The Syrian Muslim Brotherhood

The Syrian Muslim Brotherhood (SMB) was established in 1945-46 by Mustafa al-Sibai, who had studied in Egypt in the 1930s where he grew close to Hassan al-Banna, founder of the Egyptian Muslim Brotherhood, and had participated in Egyptian Muslim Brotherhood political activities. The SMB was an active political party following independence and favored Syria becoming an Islamic state. Members were elected to government positions until the secular Ba’ath Party came to power in 1963. In 1964 the SMB was outlawed and its leader Isam al-Attar was exiled.

When Hafez al-Assad came to power in 1970, the tensions erupted into violence that was sanctioned, in part, by Sunni SMB members challenging the legitimacy of the Alawi Assad regime. In 1979, SMB members killed over eighty unarmed Alawi cadets at a military training compound in Aleppo, and in 1980 the Assad regime issued Law Number 49 that declared membership in or association with the SMB a capital crime. The SMB continued to function underground but in 1982 the Assad regime launched a major attack on Hama, a SMB stronghold. Tens of thousands of people were killed and SMB members fled the country.

Following exile, Syrian Muslim Brotherhood members forged alliances with secular dissidents who were calling for the establishment of a multiparty democracy based on Islamic law. The National Alliance for the Liberation of Syria was formed in 1982 and in 1990 the National Front for the Salvation of Syria was formed with similar objectives.

In 1996 Ali Sadr al-Din al-Bayanouni was elected as the leader of the SMB and shifted tactics by engaging in secret negotiations with the Syrian government in an attempt to have Law Number 49 rescinded, SMB political prisoners freed, and the right for those in exile to return. When Bashar al-Assad came to power in 2000, he granted some of these requests (freeing hundreds of prisoners and allowing some to return from exile) in keeping with his desire to align with the anti-western movements that were growing in the region.

As a result, the SMB publicly promoted a new political platform that was outlined in the 2004 publication entitled “The Political Project for the Future Syria.” In that document, the SMB supported political reform through the rule of law by promoting nonviolence, democracy, and human rights. They continued to promote enshrining Islam as the official religion of the state, but with a decidedly pluralist focus. In a similar vein, in 2005 the SMB joined other opposition forces to sign the Damascus Declaration, calling for peaceful transformation to democratic rule in concert with the regime.

In 2006, Ali Sadr al-Din al-Bayanouni made a controversial decision to join with the recently defected (2005) vice president Abd al-Halim Khaddam to form the National Salvation Front that called explicitly for regime change. Signers of the Damascus Declaration felt betrayed by the decision to align with such a controversial figure as Khaddam and the SMB responded by asserting that they were aligning with all groups focused on reform. The SMB angered Khaddam and other NSF members three years later, however, when it withdrew from the coalition citing support for Bashar al-Assad given his sponsorship of Hamas in the wake of Israel’s military campaign to occupy the Gaza strip.

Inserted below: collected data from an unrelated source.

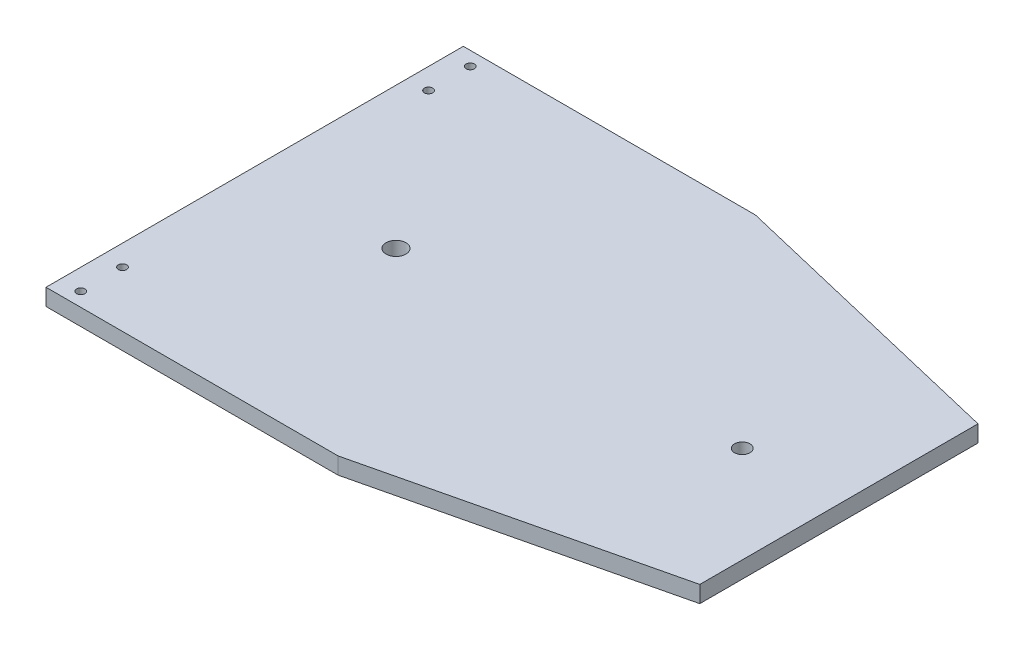
SolidWorks part; units mm, degrees
material "Carvalho"
ref_plane "Plano frontal" through (0, 0, 0) normal (0, 0, 1) x (1, 0, 0)
ref_plane "Plano superior" through (0, 0, 0) normal (0, 1, 0) x (1, 0, 0)
ref_plane "Plano direito" through (0, 0, 0) normal (1, 0, 0) x (0, 0, -1)
sketch "Esboço1" plane through (0, 0, 0) normal (0, 1, 0) x (1, 0, 0)
  line L0 (210, 50) -> (105, 75)
  line L1 (0, -75) -> (105, -75)
  line L2 (0, -75) -> (0, 75)
  line L3 (0, 75) -> (105, 75)
  line L4 (210, -50) -> (210, 50)
  line L7 (105, -75) -> (210, -50)
  line L8 (-14.8259, 0) -> (14.392, 0) construction
  line L9 (0, 21.2472) -> (0, -16.7598) construction
  circle A0 centre (50.8, 0) radius 3.5719
  circle A1 centre (175.26, 0) radius 2.7781
  circle A2 centre (7.5, -70) radius 1.5
  circle A3 centre (7.5, -55) radius 1.5
  circle A4 centre (7.5, 55) radius 1.5
  circle A5 centre (7.5, 70) radius 1.5
  point P0 (0, 0)
  dimension "D3" = 7.1437
  dimension "D5" = 5.5562
  dimension "D1" = 25
  dimension "D2" = 150
  dimension "D4" = 50.8
  dimension "D6" = 210
  dimension "D7" = 175.26
  dimension "D8" = 105
extrude "Ressalto-extrusão1" add sketch "Esboço1" along normal blind 6
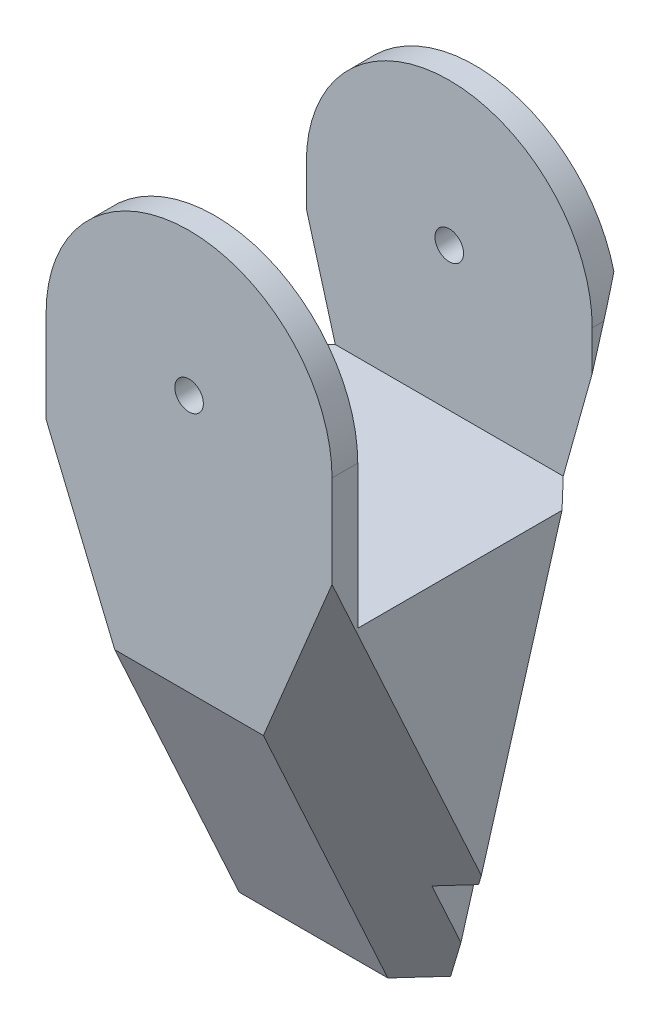
SolidWorks part; units mm, degrees
ref_plane "Front Plane" through (0, 0, 0) normal (0, 0, 1) x (1, 0, 0)
ref_plane "Top Plane" through (0, 0, 0) normal (0, 1, 0) x (1, 0, 0)
ref_plane "Right Plane" through (0, 0, 0) normal (1, 0, 0) x (0, 0, -1)
sketch "Sketch1" plane through (0, 0, 0) normal (0, 1, 0) x (1, 0, 0)
  line L1 (-25, -25) -> (25, -25)
  line L2 (-25, -25) -> (-25, 25)
  line L3 (-25, 25) -> (25, 25)
  line L4 (25, -25) -> (25, 25)
  line L5 (-25, -25) -> (25, 25) construction
  line L6 (-25, 25) -> (25, -25) construction
  point P0 (0, 0)
  dimension "D1" = 50
  dimension "D2" = 50
extrude "Boss-Extrude1" add sketch "Sketch1" along normal blind 100
sketch "Sketch4" plane through (0, 0, -25) normal (0, 0, -1) x (-1, 0, 0)
  line L0 (25, 100) -> (25, 0) construction
  line L1 (-25, 100) -> (25, 100)
  line L2 (-25, 100) -> (-25, 125)
  line L4 (25, 100) -> (25, 125)
  arc A0 (-25, 125) -> (25, 125) centre (0, 125) cw
  circle A1 centre (0, 125) radius 2.5
  dimension "D2" = 5
  dimension "D1" = 25
extrude "Boss-Extrude2" add sketch "Sketch4" against normal blind 4.5
mirror "Mirror2" about plane through (0, 0, 0) normal (0, 0, 1) of "Boss-Extrude2"
sketch "Sketch5" plane through (25, 0, 0) normal (-1, 0, 0) x (0, 0, 1)
  line L0 (0, -27.5) -> (0, 27.5) construction
  line L1 (27.5, 0) -> (-27.5, 0) construction
  line L2 (-25, 125) -> (-25, 0) construction
  line L3 (25, 25) -> (25, 0)
  line L4 (25, 0) -> (-25, 0)
  line L5 (-25, 0) -> (-25, 25)
  arc A0 (-25, 25) -> (25, 25) centre (0, 25) ccw
  circle A1 centre (0, 25) radius 2.5
  point P15 (0, 0)
  line M6 (25, 0) -> (-25, 0)
  line M7 (-25, 0) -> (-25, 125)
  line M13 (25, 125) -> (25, 0)
  dimension "D1" = 5
extrude "Cut-Extrude1" cut sketch "Sketch5" along normal through all both and the other way through all contours A0 L4 M7 | A0 M6 M13 | A1 region at (25, 5.5842, -19.4158) region at (25, 5.5842, 19.4158)
sketch "Sketch6" plane through (25, 0, 0) normal (1, 0, 0) x (0, 0, -1)
  line L0 (-25, 50) -> (25, 50)
  line L1 (-25, 125) -> (-25, 25) construction
  line L2 (25, 125) -> (25, 25) construction
  line L3 (25, 50) -> (25, 0)
  line L4 (27.5, 0) -> (-27.5, 0) construction
  line L5 (25, 0) -> (-25, 0)
  line L6 (-25, 0) -> (-25, 50)
  circle A0 centre (0, 25) radius 25 construction
extrude "Cut-Extrude2" cut sketch "Sketch6" against normal blind 4.5
mirror "Mirror3" about plane through (0, 0, 0) normal (1, 0, 0) of "Cut-Extrude2"
sketch "Sketch8" plane through (25, 0, 0) normal (1, 0, 0) x (0, 0, -1)
  line L0 (-25, 80) -> (-3.2509, 32.4045)
  line L1 (-25, 125) -> (-25, 50) construction
  line L3 (-3.2509, 32.4045) -> (11.0865, 32.4045)
  line L5 (11.0865, 32.4045) -> (25, 80)
  line L6 (25, 125) -> (25, 50) construction
  line L7 (-20.5, 100) -> (20.5, 100) construction
  line L8 (-25, 80) -> (-42.0954, 0)
  line L9 (-42.0954, 0) -> (18.7554, -23.2781)
  line L10 (18.7554, -23.2781) -> (47.597, 33.9049)
  line L11 (47.597, 33.9049) -> (25, 80)
  dimension "D1" = 20
  dimension "D2" = 20
extrude "Cut-Extrude5" cut sketch "Sketch8" against normal through all both and the other way through all
chamfer "Chamfer1" distance 12 angle 45 2 edges at (25, 65, 18.1457) (-25, 65, 18.1457)
chamfer "Chamfer2" distance 15 angle 45 2 edges at (25, 65, -20.6151) (-25, 65, -20.6151)
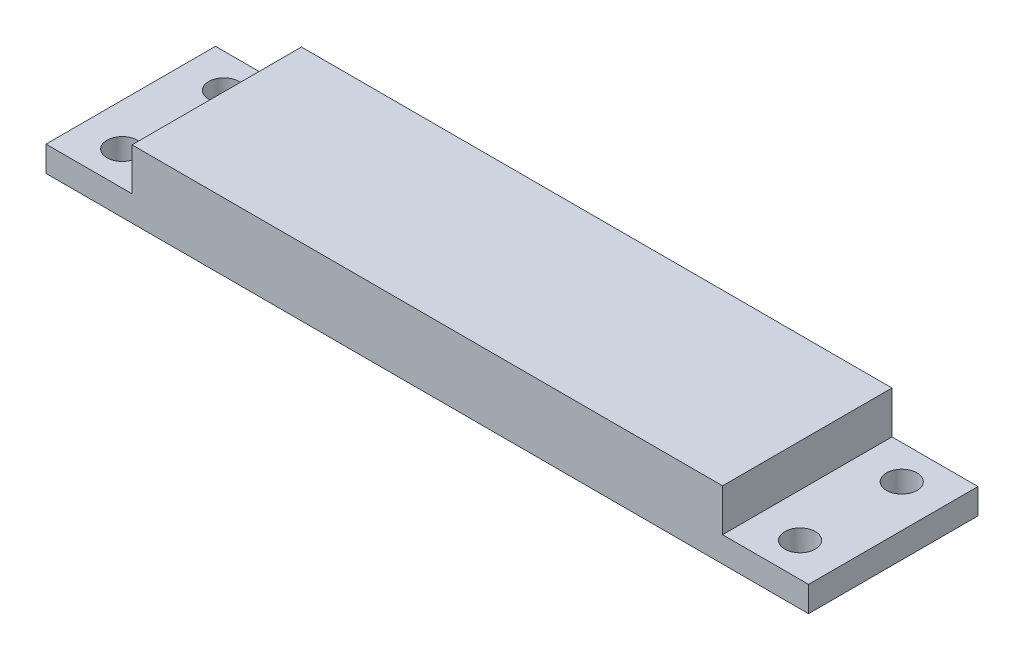
SolidWorks part; units mm, degrees
ref_plane "Front Plane" through (0, 0, 0) normal (0, 0, 1) x (1, 0, 0)
ref_plane "Top Plane" through (0, 0, 0) normal (0, 1, 0) x (1, 0, 0)
ref_plane "Right Plane" through (0, 0, 0) normal (1, 0, 0) x (0, 0, -1)
sketch "Sketch1" plane through (0, 0, 0) normal (0, 1, 0) x (1, 0, 0)
  line L1 (34.85, -10) -> (-34.85, -10)
  line L2 (34.85, -10) -> (34.85, 10)
  line L3 (34.85, 10) -> (-34.85, 10)
  line L4 (-34.85, -10) -> (-34.85, 10)
  line L5 (34.85, -10) -> (-34.85, 10) construction
  line L6 (34.85, 10) -> (-34.85, -10) construction
  line L7 (45, -10) -> (-45, -10)
  line L8 (45, -10) -> (45, 10)
  line L9 (45, 10) -> (-45, 10)
  line L10 (-45, -10) -> (-45, 10)
  line L11 (45, -10) -> (-45, 10) construction
  line L12 (45, 10) -> (-45, -10) construction
  point P0 (0, 0)
  point P6 (0, 0)
  dimension "D1" = 69.7
  dimension "D2" = 90
  dimension "D3" = 20
extrude "Boss-Extrude1" add sketch "Sketch1" along normal blind 3 contours L10 L7 L4 L9 | L4 L1 L2 L3 | L8 L9 L2 L7 region at (0, 0, 0) region at (39.925, 0, 0) region at (-39.925, 0, 0)
extrude "Boss-Extrude2" add sketch "Sketch1<3>" along normal blind 8 contours L4 L1 L2 L3 region at (0, 0, 0)
sketch "Sketch1<3>" plane through (0, 0, 0) normal (0, 1, 0) x (1, 0, 0) same geometry as "Sketch1"
sketch "Sketch4" plane through (0, 3, 0) normal (0, 1, 0) x (1, 0, 0)
  line L0 (-45, -10) -> (-45, 10) construction
  line L1 (45, -10) -> (45, 10) construction
  line L2 (45, 10) -> (34.85, 10) construction
  line L3 (-34.85, 10) -> (-45, 10) construction
  line L4 (-34.85, -10) -> (-45, -10) construction
  line L5 (45, -10) -> (34.85, -10) construction
  point P0 (-40, 6)
  point P2 (-40, -6)
  point P4 (40, -6)
  point P6 (40, 6)
  dimension "D1" = 5
  dimension "D2" = 5
  dimension "D3" = 4
  dimension "D4" = 4
  dimension "D5" = 4
  dimension "D6" = 4
hole_wizard "M3 Clearance Hole1" positions "Sketch4" profile "Sketch5" hole size "M3" standard "ANSI Metric"
sketch "Sketch5" plane through (-40, 3, -6) normal (1, 0, 0) x (0, 0, 1)
  line L0 (0, 0) -> (0, 11.0815)
  line L1 (0, 11.0815) -> (1.8, 10)
  line L2 (1.8, 10) -> (1.8, 0)
  line L5 (1.8, 0) -> (0, 0)
  line L10 (0, 11.0815) -> (-1.8, 10) construction
  line L11 (0, -6.35) -> (0, 107.95) construction
  dimension "Hole Dia." = 3.6
  dimension "Hole Depth" = 10
  dimension "Drill Angle" = 118
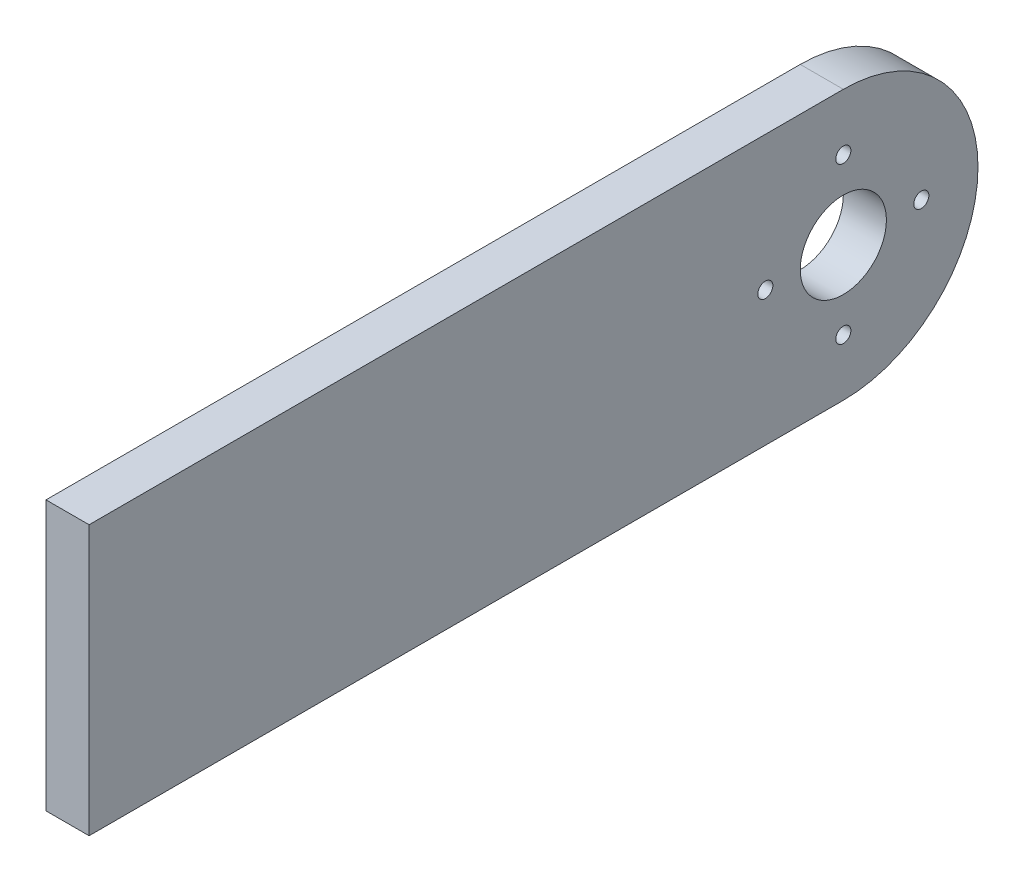
SolidWorks part; units mm, degrees
material "Perspex (TM) GS Acrylic Cast Sheet"
ref_plane "Front Plane" through (0, 0, 0) normal (0, 0, 1) x (1, 0, 0)
ref_plane "Top Plane" through (0, 0, 0) normal (0, 1, 0) x (1, 0, 0)
ref_plane "Right Plane" through (0, 0, 0) normal (1, 0, 0) x (0, 0, -1)
sketch "Sketch1" plane through (0, 0, 0) normal (1, 0, 0) x (0, 0, -1)
  line L0 (-70, 12.5) -> (-70, -12.5)
  line L19 (-70, 12.5) -> (0, 12.5)
  line L20 (-70, -12.5) -> (0, -12.5)
  circle A0 centre (0, 0) radius 4
  circle A1 centre (-7.24, 0) radius 0.7
  circle A2 centre (0, 7.24) radius 0.7
  circle A3 centre (7.24, 0) radius 0.7
  circle A4 centre (0, -7.24) radius 0.7
  arc A5 (0, -12.5) -> (0, 12.5) centre (0, 0) ccw
  point P18 (0, 0)
  dimension "D1" = 8
  dimension "D2" = 1.4
  dimension "D5" = 70
  dimension "D9" = 25
  dimension "D3" = 7.24
  dimension "D4" = 4
extrude "Boss-Extrude1" add sketch "Sketch1" along normal blind 4
sketch "Sketch2" plane through (4, 0, 0) normal (1, 0, 0) x (0, 0, -1)
  line L0 (0, 0) -> (-70, 0) construction
  line L1 (-70, 12.5) -> (-70, -12.5) construction

In 2010, the SMB elected Riad al-Shaqfa to succeed Bayanouni and many assumed he would take a more militant stance against the regime given that he was active in the resistance movement in the late 1970s. Shaqfa continued to support the regime, however, in an attempt to have the restrictions against the SMB eased. He called upon Turkey’s Islamist Justice and Development Party (AKP) to intervene in support of easing restrictions that were still enforced.

The SMB continued to support the regime until the recent uprisings. In the wake of escalating tension, Assad accused the SMB of spearheading the protests. SMB leadership denied this accusation, but acknowledged supporting the opposition in light of the regime’s consistent refusal to overturn Law Number 49 and to allow those in exile to return.

Sources

Ruth Roded, “Lessons by a Syrian Islamist from the life of the Prophet Muhammad,” Middle Eastern Studies, Vol. 42, No. 6 (2007), pp. 855-872.

Yvette Talhamy, “The Muslim Brotherhood Reborn,” Middle East Quarterly, Vol. 19, No. 2 (Spring 2012), pp. 33-40.